▶ _Your goal_
Identify each line below that contains the word "Demand", and copy it out.

▶ _Records for the exercise_
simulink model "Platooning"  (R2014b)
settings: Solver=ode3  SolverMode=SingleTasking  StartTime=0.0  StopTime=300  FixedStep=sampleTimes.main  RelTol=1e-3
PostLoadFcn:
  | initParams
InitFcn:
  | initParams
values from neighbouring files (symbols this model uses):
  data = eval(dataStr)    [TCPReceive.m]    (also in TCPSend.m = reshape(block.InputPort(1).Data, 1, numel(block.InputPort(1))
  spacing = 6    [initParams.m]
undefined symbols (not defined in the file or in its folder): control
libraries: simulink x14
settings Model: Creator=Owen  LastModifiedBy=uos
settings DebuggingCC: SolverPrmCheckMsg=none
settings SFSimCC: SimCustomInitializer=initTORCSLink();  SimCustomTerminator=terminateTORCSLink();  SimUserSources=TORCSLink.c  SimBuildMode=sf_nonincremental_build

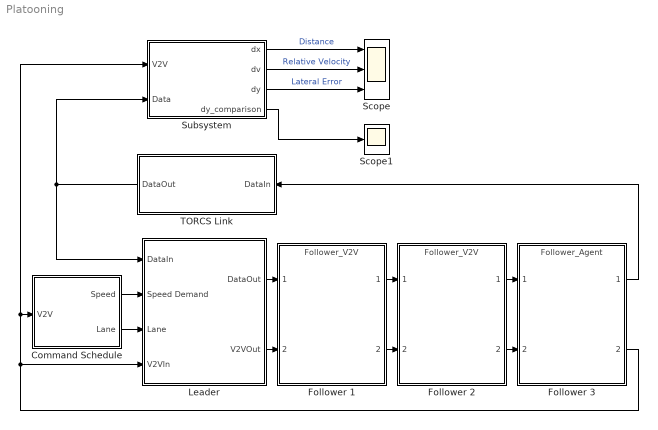
== system Platooning ==
  Command Schedule : Subsystem
  Follower 1 : ModelReference  ModelNameDialog=Follower_V2V.slx  ParameterArgumentNames=vehicle,spacing  ParameterArgumentValues=vehicle,spacing  SimulationMode=Normal  Variant=on  OverrideUsingVariant=varObject1  ModelReferenceVersion=1.970  CopyOfModelName=Follower_V2V.slx  DefaultDataLogging=on  mask{vehicle=2, spacing=spacing}
      mask prompts: spacing "Spacing [m]"
      settings: CopyFcn=|
      | veh = str2num(get_param(gcb, 'vehicle'));
      | veh = veh + 1;
      | set_param(gcb,'vehicle',num2str(veh));
      mask TypeOptions vehicle: 1 | 2 | 3 | 4 | 5 | 6 | 7 | 8 | 9 | 10
  Follower 2 : ModelReference  ModelNameDialog=Follower_V2V.slx  ParameterArgumentNames=vehicle,spacing  ParameterArgumentValues=vehicle,spacing  SimulationMode=Normal  Variant=on  OverrideUsingVariant=varObject1  ModelReferenceVersion=1.970  CopyOfModelName=Follower_V2V.slx  DefaultDataLogging=on  mask{vehicle=3, spacing=spacing}
      mask prompts: spacing "Spacing [m]"
      settings: CopyFcn=|
      | veh = str2num(get_param(gcb, 'vehicle'));
      | veh = veh + 1;
      | set_param(gcb,'vehicle',num2str(veh));
      mask TypeOptions vehicle: 1 | 2 | 3 | 4 | 5 | 6 | 7 | 8 | 9 | 10
  Follower 3 : ModelReference  ModelNameDialog=Follower_Agent.slx  ParameterArgumentNames=vehicle  ParameterArgumentValues=vehicle  SimulationMode=Normal  Variant=on  OverrideUsingVariant=varObject1  ModelReferenceVersion=1.1206  CopyOfModelName=Follower_Agent.slx  DefaultDataLogging=on  mask{vehicle=4}
      settings: CopyFcn=|
      | veh = str2num(get_param(gcb, 'vehicle'));
      | veh = veh + 1;
      | set_param(gcb,'vehicle',num2str(veh));
      mask TypeOptions vehicle: 1 | 2 | 3 | 4 | 5 | 6 | 7 | 8 | 9 | 10
  Leader : Subsystem
  Scope : Scope  NumInputPorts=3
      settings: TimeRange=30  YMin=0~-5~-3  YMax=2000~15~1  SaveName=Errors
  Scope1 : Scope
      settings: TimeRange=30  YMin=-0.5  YMax=2  SaveName=LateralError
  Subsystem : Subsystem
  TORCS Link : Subsystem  LoadFcn=|  InitFcn=|
      LoadFcn=|
      | load VehicleBusses.mat;
      | src = 'TORCSLink.c';
      | init = 'initTORCSLink();';
      | term = 'terminateTORCSLink();';
      | simSrc = get_param(gcs,'SimUserSources');
      | simInit = get_param(gcs,'SimCustomInitializer');
      | simTerm = get_param(gcs,'SimCustomTerminator');
      | 
      | if isempty(strfind(simSrc,src))
      |   fprintf('Adding %s to Custom Sources\n', src);
      |   set_param(gcs,'SimUserSources', [simSrc 10 src]);
      | end
      | 
      | if isempty(strfind(simInit,init))
      |   fprintf('Adding %s to Custom Initialisation Code\n', init);
      |   set_param(gcs,'SimCustomInitializer', [simInit 10 init]);
      | end
      | 
      | if isempty(strfind(simTerm,term))
      |   fprintf('Adding %s to Custom Termination Code\n', term);
      |   set_param(gcs,'SimCustomTerminator', [simTerm 10 term]);
      | end
      | 
      | if isunix
      |     libs = 'librt.so';
      |     simLibs = get_param(gcs,'SimUserLibraries');
      | 
      |     if isempty(strfind(simLibs,libs))
      |       fprintf('Adding %s to Custom Libraries\n', libs);
      |       set_param(gcs,'SimUserLibraries', [simLibs 10 libs]);
      |     end
      | else
      |    set_param(gcs,'SimUserLibraries', '');
      | end
      | 
      | clear src init term simSrc simInit simTerm libs simLibs;
      InitFcn=|
      | load VehicleBusses.mat;
      | src = 'TORCSLink.c';
      | init = 'initTORCSLink();';
      | term = 'terminateTORCSLink();';
      | simSrc = get_param(gcs,'SimUserSources');
      | simInit = get_param(gcs,'SimCustomInitializer');
      | simTerm = get_param(gcs,'SimCustomTerminator');
      | 
      | if isempty(strfind(simSrc,src))
      |   fprintf('Adding %s to Custom Sources\n', src);
      |   set_param(gcs,'SimUserSources', [simSrc 10 src]);
      | end
      | 
      | if isempty(strfind(simInit,init))
      |   fprintf('Adding %s to Custom Initialisation Code\n', init);
      |   set_param(gcs,'SimCustomInitializer', [simInit 10 init]);
      | end
      | 
      | if isempty(strfind(simTerm,term))
      |   fprintf('Adding %s to Custom Termination Code\n', term);
      |   set_param(gcs,'SimCustomTerminator', [simTerm 10 term]);
      | end
      | 
      | if isunix
      |     libs = 'librt.so';
      |     simLibs = get_param(gcs,'SimUserLibraries');
      | 
      |     if isempty(strfind(simLibs,libs))
      |       fprintf('Adding %s to Custom Libraries\n', libs);
      |       set_param(gcs,'SimUserLibraries', [simLibs 10 libs]);
      |     end
      | else
      |    set_param(gcs,'SimUserLibraries', '');
      | end
      | 
      | clear src init term simSrc simInit simTerm libs simLibs;
  wires:
  TORCS Link/1(DataOut) -> Subsystem/2(Data), Leader/1(DataIn)
  Leader/1(DataOut) -> Follower 1/1
  Command Schedule/1(Speed) -> Leader/2(Speed Demand)
  Subsystem/1(dx) -> Scope/1  "Distance"
  Subsystem/2(dv) -> Scope/2  "Relative Velocity"
  Leader/2(V2VOut) -> Follower 1/2
  Follower 1/2 -> Follower 2/2
  Follower 2/1 -> Follower 3/1
  Follower 2/2 -> Follower 3/2
  Subsystem/3(dy) -> Scope/3  "Lateral Error"
  Follower 1/1 -> Follower 2/1
  Command Schedule/2(Lane) -> Leader/3(Lane)
  Subsystem/4(dy_comparison) -> Scope1/1
  Follower 3/1 -> TORCS Link/1(DataIn)
  Follower 3/2 -> Leader/4(V2VIn), Subsystem/1(V2V), Command Schedule/1(V2V)

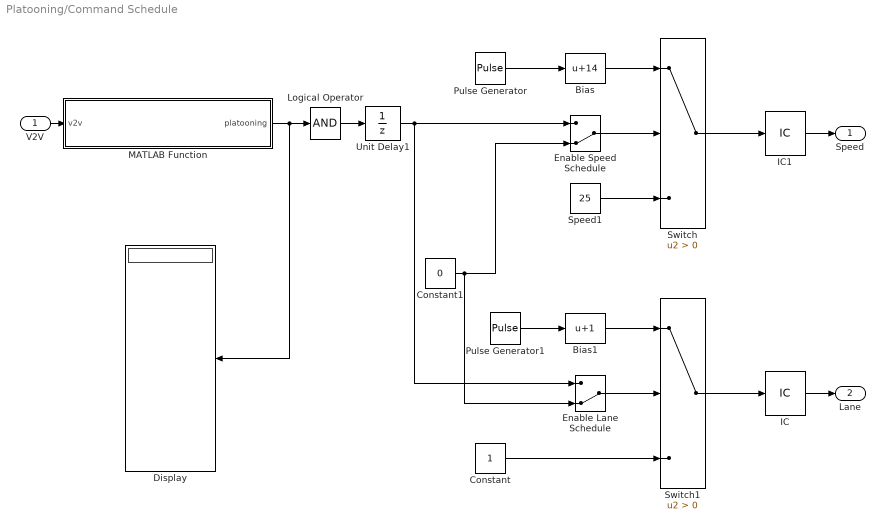
== system Platooning/Command Schedule ==
  V2V : Inport
  Bias : Bias  Bias=14
  Bias1 : Bias  Bias=1
  Constant : Constant
  Constant1 : Constant  Value=0  OutDataTypeStr=boolean
  Display : Display
  Enable Lane Schedule : ManualSwitch  CurrentSetting=0
  Enable Speed Schedule : ManualSwitch  CurrentSetting=0
  IC : InitialCondition
  IC1 : InitialCondition  Value=14
  Logical Operator : Logic  Inputs=1  AllPortsSameDT=off  OutDataTypeStr=boolean
  MATLAB Function : MATLAB Function  TreatAsAtomicUnit=on
  Pulse Generator : DiscretePulseGenerator  PulseType=Time based  Amplitude=11  Period=60  PulseWidth=50  PhaseDelay=33
  Pulse Generator1 : DiscretePulseGenerator  PulseType=Time based  Period=120  PulseWidth=50
  Speed1 : Constant  Value=25
  Switch : Switch  Criteria=u2 > Threshold
  Switch1 : Switch  Criteria=u2 > Threshold
  Unit Delay1 : UnitDelay  SampleTime=-1
  Speed : Outport
  Lane : Outport  Port=2
  wires:
  Pulse Generator/1 -> Bias/1
  Bias/1 -> Switch/1
  Switch/1 -> IC1/1
  Constant/1 -> Switch1/3
  Switch1/1 -> IC/1
  Pulse Generator1/1 -> Bias1/1
  V2V/1 -> MATLAB Function/1(v2v)
  Speed1/1 -> Switch/3
  Bias1/1 -> Switch1/1
  Enable Speed Schedule/1 -> Switch/2
  Enable Lane Schedule/1 -> Switch1/2
  IC/1 -> Lane/1
  IC1/1 -> Speed/1
  MATLAB Function/1(platooning) -> Logical Operator/1, Display/1
  Logical Operator/1 -> Unit Delay1/1
  Constant1/1 -> Enable Speed Schedule/2, Enable Lane Schedule/2
  Unit Delay1/1 -> Enable Speed Schedule/1, Enable Lane Schedule/1

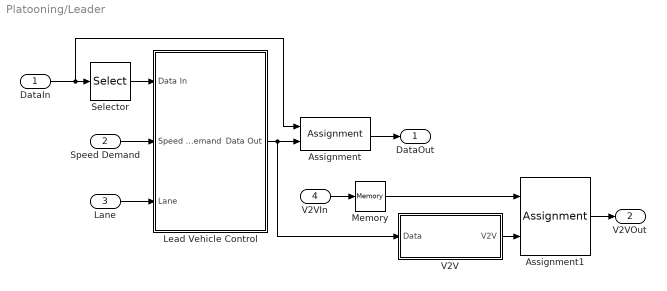
== system Platooning/Leader ==
  DataIn : Inport
  Speed Demand : Inport  Port=2
  Lane : Inport  Port=3
  V2VIn : Inport  Port=4  OutDataTypeStr=Bus: V2VBus  PortDimensions=10
  Assignment : Assignment  DiagnosticForDimensions=Warning
  Assignment1 : Assignment  DiagnosticForDimensions=Warning
  Lead Vehicle Control : Subsystem
  Memory : Memory
  Selector : Selector  InputPortWidth=10
  V2V : Subsystem
  DataOut : Outport
  V2VOut : Outport  Port=2  PortDimensions=10
  wires:
  Speed Demand/1 -> Lead Vehicle Control/2(Speed Demand)
  Lane/1 -> Lead Vehicle Control/3(Lane)
  DataIn/1 -> Assignment/1, Selector/1
  Selector/1 -> Lead Vehicle Control/1(Data In)
  Assignment/1 -> DataOut/1
  Lead Vehicle Control/1(Data Out) -> V2V/1(Data), Assignment/2
  V2V/1(V2V) -> Assignment1/2
  V2VIn/1 -> Memory/1
  Assignment1/1 -> V2VOut/1
  Memory/1 -> Assignment1/1

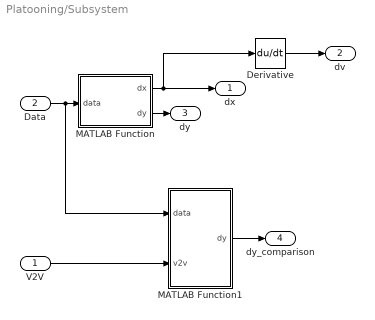
== system Platooning/Subsystem ==
  V2V : Inport
  Data : Inport  Port=2
  Derivative : Derivative
  MATLAB Function : MATLAB Function  TreatAsAtomicUnit=on
  MATLAB Function1 : MATLAB Function  TreatAsAtomicUnit=on
  dx : Outport
  dv : Outport  Port=2
  dy : Outport  Port=3
  dy_comparison : Outport  Port=4
  wires:
  Data/1 -> MATLAB Function1/1(data), MATLAB Function/1(data)
  MATLAB Function/1(dx) -> Derivative/1, dx/1
  Derivative/1 -> dv/1
  MATLAB Function/2(dy) -> dy/1
  V2V/1 -> MATLAB Function1/2(v2v)
  MATLAB Function1/1(dy) -> dy_comparison/1

== system Platooning/TORCS Link ==
  note: This subsystem handles the communicatrion with TORCS via a MATLAB function.
      | The simulation must be configured to run at a fixed sample time equal to the rate at which TORCS updates its robots (0.02s by default)
      | Data returned from TORCS is passed through a First-Order-Hold to allow continuous design in Simulink
      | Data for a maximum of 10 vehicles is returned, but not all vehicles need be present in the race
  DataIn : Inport
  FOHs : Subsystem  TreatAsAtomicUnit=on
  Memory : Memory
  Stop Simulation : Stop
  TORCSLink : MATLAB Function  TreatAsAtomicUnit=on
  DataOut : Outport
  wires:
  Memory/1 -> TORCSLink/1(vehicleDataIn)
  TORCSLink/1(vehicleDataOut) -> FOHs/1(In1)
  FOHs/1(Out1) -> DataOut/1
  DataIn/1 -> Memory/1
  TORCSLink/2(stop) -> Stop Simulation/1

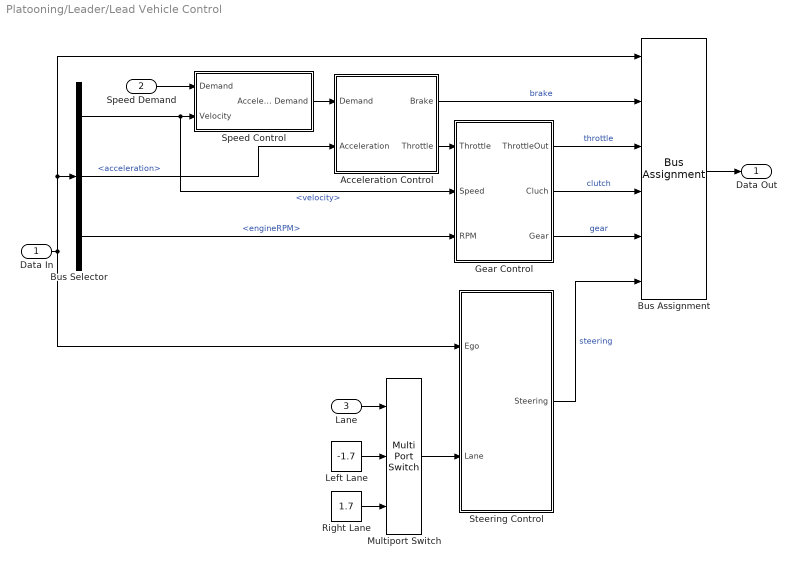
== system Platooning/Leader/Lead Vehicle Control ==
  Data In : Inport
  Speed Demand : Inport  Port=2
  Lane : Inport  Port=3
  Acceleration Control : Subsystem
  Bus Assignment : BusAssignment  AssignedSignals=control.brake,control.throttle,control.clutch,control.gear,control.steering
  Bus Selector : BusSelector  OutputSignals=data.velocity,data.acceleration,data.engineRPM
  Gear Control : Subsystem
  Left Lane : Constant  Value=-1.7
  Multiport Switch : MultiPortSwitch  Inputs=2
  Right Lane : Constant  Value=1.7
  Speed Control : Subsystem
  Steering Control : Subsystem
  Data Out : Outport
  wires:
  Acceleration Control/2(Throttle) -> Gear Control/1(Throttle)
  Data In/1 -> Bus Assignment/1, Bus Selector/1, Steering Control/1(Ego)
  Bus Selector/3 -> Gear Control/3(RPM)  "<engineRPM>"
  Acceleration Control/1(Brake) -> Bus Assignment/2  "brake"
  Gear Control/1(ThrottleOut) -> Bus Assignment/3  "throttle"
  Gear Control/2(Cluch) -> Bus Assignment/4  "clutch"
  Gear Control/3(Gear) -> Bus Assignment/5  "gear"
  Steering Control/1(Steering) -> Bus Assignment/6  "steering"
  Bus Selector/2 -> Acceleration Control/2(Acceleration)  "<acceleration>"
  Speed Control/1(Acceleration Demand) -> Acceleration Control/1(Demand)
  Speed Demand/1 -> Speed Control/1(Demand)
  Multiport Switch/1 -> Steering Control/2(Lane)
  Left Lane/1 -> Multiport Switch/2
  Right Lane/1 -> Multiport Switch/3
  Lane/1 -> Multiport Switch/1
  Bus Selector/1 -> Speed Control/2(Velocity), Gear Control/2(Speed)  "<velocity>"
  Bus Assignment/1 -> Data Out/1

▶ _Your solution_
  Command Schedule/1(Speed) -> Leader/2(Speed Demand)
  Speed Demand : Inport  Port=2
  Speed Demand/1 -> Lead Vehicle Control/2(Speed Demand)
  Speed Demand : Inport  Port=2
  Speed Control/1(Acceleration Demand) -> Acceleration Control/1(Demand)
  Speed Demand/1 -> Speed Control/1(Demand)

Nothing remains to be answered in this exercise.